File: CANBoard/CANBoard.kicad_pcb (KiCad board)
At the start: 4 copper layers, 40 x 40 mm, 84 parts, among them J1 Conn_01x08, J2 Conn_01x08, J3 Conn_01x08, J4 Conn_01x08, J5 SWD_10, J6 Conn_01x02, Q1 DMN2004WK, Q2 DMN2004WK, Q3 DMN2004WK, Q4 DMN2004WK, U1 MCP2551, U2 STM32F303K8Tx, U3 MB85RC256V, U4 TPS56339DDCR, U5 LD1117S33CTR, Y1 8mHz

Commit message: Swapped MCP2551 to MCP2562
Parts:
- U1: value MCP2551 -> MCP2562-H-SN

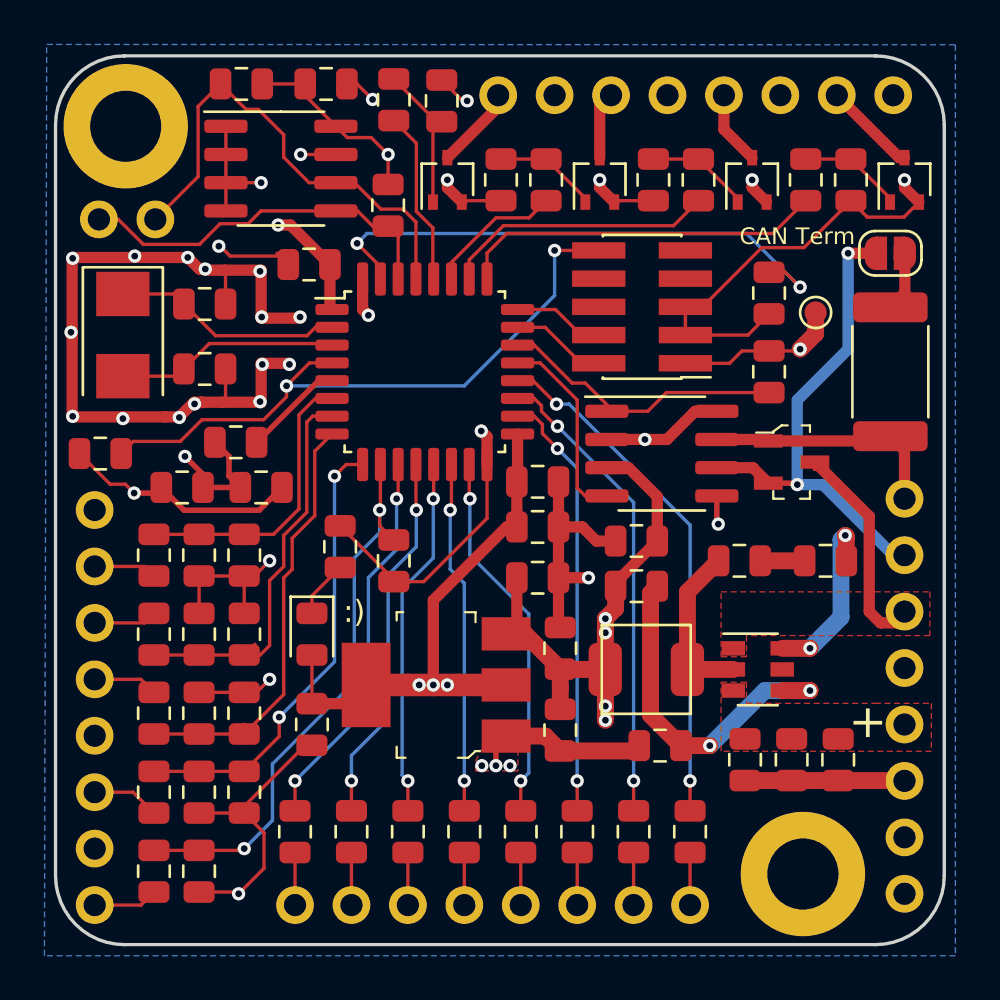
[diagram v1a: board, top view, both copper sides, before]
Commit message: Convert to kicad v6
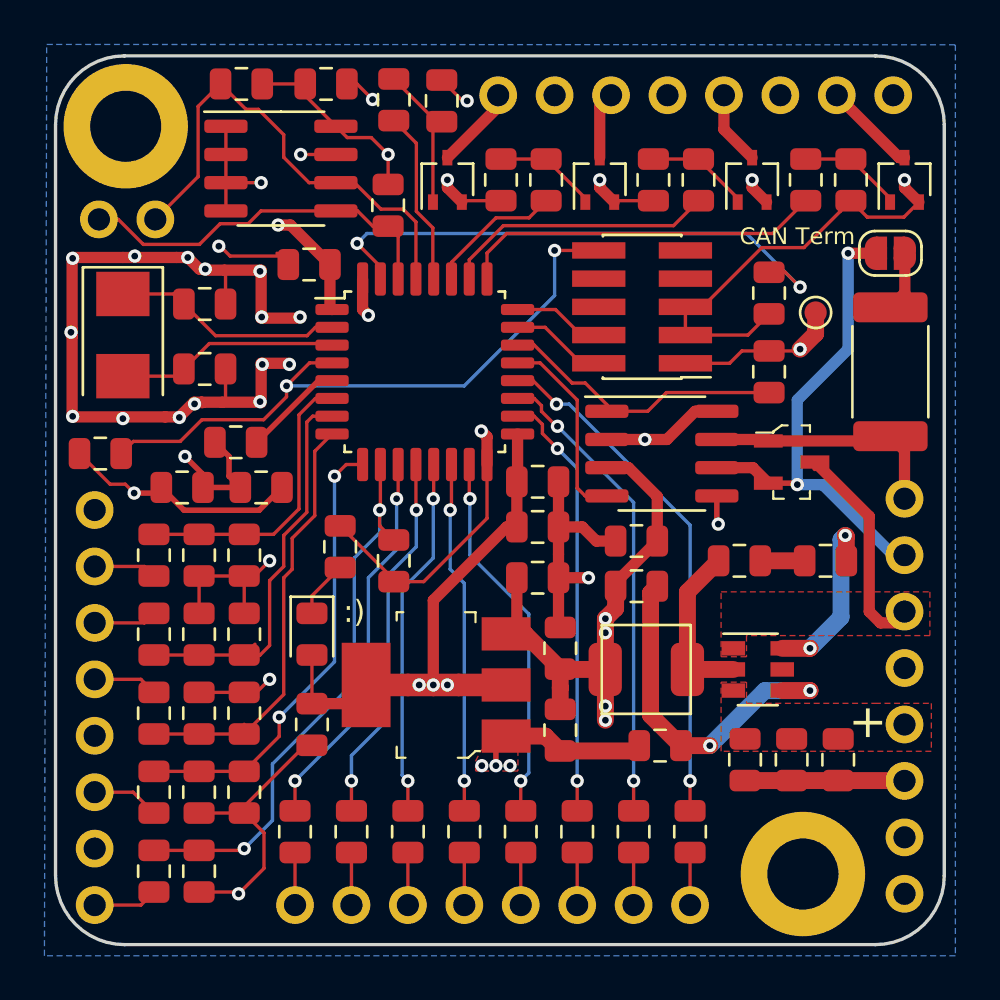
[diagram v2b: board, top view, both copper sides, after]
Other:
- net class Default removed

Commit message: V2 updates
Removed FRAM, I2C and SWD pins. Added ID solder jumpers and Tag Connect
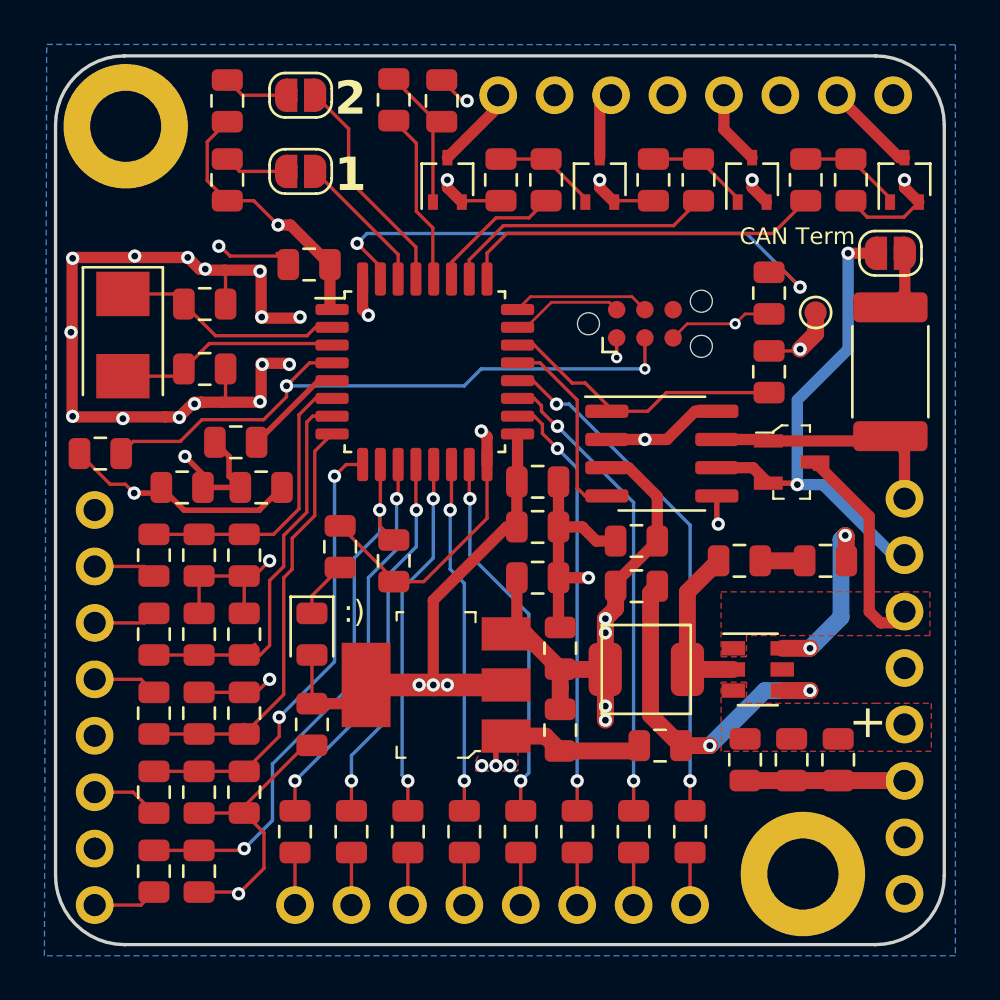
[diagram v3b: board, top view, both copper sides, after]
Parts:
- removed the C12 at (130.2, 64.3)
- removed J6: Conn_01x02, Connector_PinHeader_2.54mm:PinHeader_1x02_P2.54mm_Vertical
- removed the U3 at (128.1, 68.1)
- added JP1: CAN_ID, Jumper:SolderJumper-2_P1.3mm_Open_RoundedPad1.0x1.5mm, F.Cu at (129.0, 68.2)
- added JP2: CAN_ID, Jumper:SolderJumper-2_P1.3mm_Open_RoundedPad1.0x1.5mm, F.Cu at (129.0, 64.8)
- J5: value SWD_10 -> TC2030; footprint Connector_PinHeader_1.27mm:PinHeader_2x05_P1.27mm_Vertical_SMD -> Connector:Tag-Connect_TC2030-IDC-NL_2x03_P1.27mm_Vertical
- U3: renamed from U1; value MCP2562-H-SN -> MCP2562
- U4: renamed from U2; value STM32F303K8Tx -> STM32F303K8T6
- moved R25 8.63 mm to (125.7, 65.0), turned to -90 degrees
- moved R24 4.36 mm to (125.7, 68.6), turned to -90 degrees
- moved G1 1.66 mm to (128.3, 72.7)
- moved J5 0.77 mm to (144.5, 75.1), turned to 0 degrees
- renumbered C7 to C1, C14 to C10, C15 to C11, C16 to C12, C17 to C13, C1 to C14, C2 to C15, C3 to C16, C4 to C17, C5 to C18, C6 to C19, C8 to C2, C9 to C20, C10 to C21, C11 to C22, C18 to C3, C19 to C4, C20 to C5, C21 to C6, C22 to C7, C23 to C8, C13 to C9, D2 to D1, D1 to D2, JP1 to JP3, R30 to R1, R17 to R10, R18 to R11, R19 to R12, R20 to R13, R21 to R14, R22 to R15, R23 to R16, R24 to R17, R25 to R18, R26 to R19, R31 to R2, R27 to R20, R28 to R21, R29 to R22, R1 to R23, R34 to R24, R33 to R25, R2 to R26, R3 to R27, R4 to R28, R5 to R29, R32 to R3, R6 to R30, R7 to R31, R8 to R32, R9 to R33, R10 to R34, R11 to R35, R35 to R4, R12 to R5, R13 to R6, R14 to R7, R15 to R8, R16 to R9, U4 to U1, U5 to U2
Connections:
- J5 pad 3: GND -> /MCU/NRST
- J5 pad 6: Net-(J5-Pad6) -> unconnected-(J5-Pad6)
- R24 pad 1: /MCU/I2C_SCL -> Net-(JP1-Pad1)
- R25 pad 1: /MCU/I2C_SDA -> Net-(JP2-Pad1)
- U1 pad 5: Net-(U4-Pad5) -> unconnected-(U1-Pad5)
- U4 pad 29: /MCU/I2C_SCL -> Net-(JP2-Pad2)
- U4 pad 30: /MCU/I2C_SDA -> Net-(JP1-Pad2)
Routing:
- net /MCU/I2C_SCL: track 23.3 -> 0.00 mm
- net GND: track 166.2 -> 147.7 mm, vias 35 -> 33
- net /MCU/I2C_SDA: track 17.0 -> 0.00 mm
- net Net-(JP2-Pad2): track 0.00 -> 10.2 mm
- net Net-(JP1-Pad2): track 0.00 -> 6.39 mm
- net +3V3: track 52.8 -> 48.1 mm
- net Net-(JP2-Pad1): track 0.00 -> 2.94 mm
- net Net-(JP1-Pad1): track 0.00 -> 2.88 mm
- net /MCU/SWCLK: track 4.13 -> 6.21 mm
- net /MCU/SWDIO: track 4.32 -> 5.06 mm
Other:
- board text added: "0 0 0x640 1 0 0x641 0 1 0x642 1 1 0x643"
- board text added: "1"
- board text added: "1 2 ID"
- board text added: "2"
- board text added: "CANBoard v2"
- board text added: "CANH CANL GND GND 12V GND"
- board text added: "DI - Switch to GND only DO - Low side (0.5A Max) AI - 5V max"
- board text removed: "CANBoard v1"
- board text removed: "CANH CANL GND GND 12VSW GND"
- board text removed: "DI - Switch to GND only (No voltage) DO - Low Side Switch (0.5A Max Total) AI - 5V input max"
- board text removed: "SDA SCL"

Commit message: Updated outputs, added JLCPCB LCSC part nums
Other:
- board text added: "github.com/corygrant"

◇ ◇ ◇ ◇

-- REQUIRED WORK --
Given the entries above, count how many lines include the word "CANBoard"; respond with the number only.

-- EXPECTED ANSWER --
3